Wednesday, August 11, 2010

Another "last" first....

Today, my sweet baby boy started back to school...for the LAST time. He is a Senior this year at Clay-Chalkville High School. He is an OUTSTANDING young man and I am so very proud of him. Not just because he's super smart and destined for great things but I love the young man he's grown into. Yet, this mommy's heart is breaking wondering...where did the time go?

All you parents out there who have kid starting kindergarten...relish it! I know you think it's sad and you feel like your babies are growing up too fast---I remember thinking that too! Part of me aches for you because I KNOW how quickly it goes by and the other part of me says, "Suck it up--you know NOTHING! Wait till your baby drive HIMSELF to school! THEN you will know true heartbreak!" lol

Sitting here in the house alone, I'm overwhelmed by so many memories of my little man. The tiny baby that had such a traumatic birth he had a hard time learning to nurse but would look up at me with those sweet little eyes as if he were saying, "I dont know what to do, Mom but I'll try as long as you hold me". The fat little boy that tumbled toward me at 10 months to give me that slobbery open-mouth kiss. The two year old that climbed into the bathtub fully clothed or stuffed all his food down his shirt to "save for later". The four year-old that bolted into the living room with a sword screaming, "I'm Duncan, the Cloud!" (from the Highlander, he meant Duncan MacLeod!" lol) The six year old that wanted to be so much like his dad that he would sit on his top bunk with his toy gun in full cammo and pretend it was his "tree stand". My baseball player, my carpenter, my fisherman...my teenager who when he got his first cell phone used it to call his DEB first! My hard working young man who has his head screwed on so straight that he is better at saving money than I am, so thoughtful he buys gifts for others instead of things he wants and needs. My precious son who is so focused on his future that he never goes out and gets into all kinds of trouble like his parents did when they were his age....

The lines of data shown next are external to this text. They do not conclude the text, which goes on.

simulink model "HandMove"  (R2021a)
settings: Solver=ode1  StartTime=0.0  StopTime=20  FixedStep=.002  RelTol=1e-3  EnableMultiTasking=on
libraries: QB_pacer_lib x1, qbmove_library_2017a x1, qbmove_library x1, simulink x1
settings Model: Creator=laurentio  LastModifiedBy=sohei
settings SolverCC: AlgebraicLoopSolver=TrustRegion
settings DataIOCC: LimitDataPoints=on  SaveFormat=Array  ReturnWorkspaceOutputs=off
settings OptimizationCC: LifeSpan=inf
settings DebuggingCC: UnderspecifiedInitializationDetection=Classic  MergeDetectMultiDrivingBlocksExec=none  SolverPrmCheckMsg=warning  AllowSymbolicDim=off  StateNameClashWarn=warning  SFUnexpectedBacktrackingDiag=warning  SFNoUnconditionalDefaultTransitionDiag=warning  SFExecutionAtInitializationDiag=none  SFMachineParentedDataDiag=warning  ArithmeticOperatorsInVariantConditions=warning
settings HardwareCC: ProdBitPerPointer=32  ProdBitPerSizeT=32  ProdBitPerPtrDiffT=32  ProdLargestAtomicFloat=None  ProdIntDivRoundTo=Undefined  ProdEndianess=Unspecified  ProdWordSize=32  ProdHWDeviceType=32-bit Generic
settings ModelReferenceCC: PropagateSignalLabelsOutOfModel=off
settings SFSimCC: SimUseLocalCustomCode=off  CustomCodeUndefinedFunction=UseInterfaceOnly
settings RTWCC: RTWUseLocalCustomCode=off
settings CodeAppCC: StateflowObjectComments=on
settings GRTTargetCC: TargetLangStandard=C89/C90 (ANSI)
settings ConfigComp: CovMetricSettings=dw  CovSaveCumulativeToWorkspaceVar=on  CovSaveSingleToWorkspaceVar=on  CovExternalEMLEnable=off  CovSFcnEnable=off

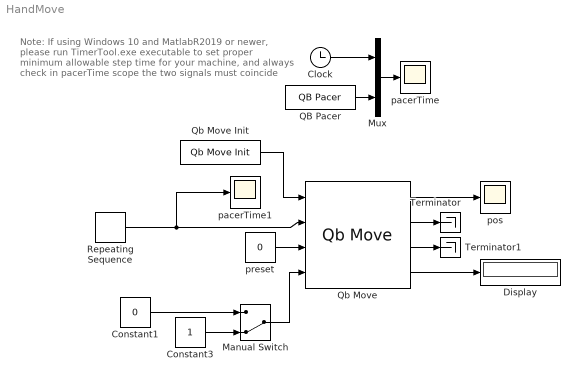
== system HandMove ==
  note: Note: If using Windows 10 and MatlabR2019 or newer,
      | please run TimerTool.exe executable to set
      | proper minimum allowable step time for your machine,
      | and always check in pacerTime scope the two signals
      | must coincide
  Clock : Clock
  Constant1 : Constant  Value=0
  Constant3 : Constant
  Display : Display
  Manual Switch : ManualSwitch  CurrentSetting=0
  Mux : Mux  Inputs=2
  QB Pacer : QB_pacer_lib/QB Pacer  simTimePerRealTime=1
      settings: SourceProductName=QB Pacer
  Qb Move : qbmove_library_2017a/Qb Move  ID=1  ACTIVE_COMM_DIRECTIONS=Both  CONTROL_MODE=Prime Movers Positions  DAISY_CHAINING=off  MAX_ANG=0  SW_LIMIT=inf  OFFSET=0  ACTIVATE=off  WDT=0.0  UNIT=TICK
      settings: SourceProductName=Qb Move Library
  Qb Move Init : qbmove_library/Qb Move Init  NUMBER_OF_COM='COM6'  BAUD_RATE_COM=2000000
      settings: SourceProductName=Qb Move Library
  Repeating Sequence : simulink/Sources/Repeating Sequence  rep_seq_t="[0  10  20]"  rep_seq_y="[0 10000  0]"
  Terminator : Terminator
  Terminator1 : Terminator
  pacerTime : Scope
  pacerTime1 : Scope
  pos : Scope
  preset : Constant  Value=0
  wires:
  QB Pacer/1 -> Mux/2
  Clock/1 -> Mux/1
  Qb Move Init/1 -> Qb Move/1
  Constant1/1 -> Manual Switch/1
  Repeating Sequence/1 -> pacerTime1/1, Qb Move/2
  Constant3/1 -> Manual Switch/2
  preset/1 -> Qb Move/3
  Qb Move/4 -> Display/1
  Mux/1 -> pacerTime/1
  Manual Switch/1 -> Qb Move/4
  Qb Move/1 -> pos/1
  Qb Move/2 -> Terminator/1
  Qb Move/3 -> Terminator1/1

I don't know what it is about your FIRST child that makes everything so much more memorable and special--it isn't that I don't love my amazing daughters. But the bond a mom has with her firstborn child is so incredibly strong, it's indescribable. It is SO HARD to let go. This feeling of being happy and proud while at the same time wanting to scream "No!" at the top of my lungs is such a weird emotion...I don't think there's anything else like it in the world.

A few months ago, at 4k graduation, I shared the following children's book with the parents of my little graduates. I first got the chance to hear it back in May at the e
Women's conference and it touched me deeply, knowing that this moment (and more) were on the horizon for me as a mom. I remembered identifying with it because he was my first child and I couldn't wait for him to get to the "next" thing. It was all so exciting...all his "firsts". You don't realize how important the "lasts" are until they're gone. So I wanted to really impart this on the parents of those kid I'd gotten to know and love so much--I didn't want them to make the same mistakes. Yes, be excited about their firsts, just don't forget to watch CAREFULLY for their lasts or you will miss them.

I hope all my bloggy friends enjoy it also!




My grown up young man...1st day of Senior year!



My little man...1st day of kindergarten!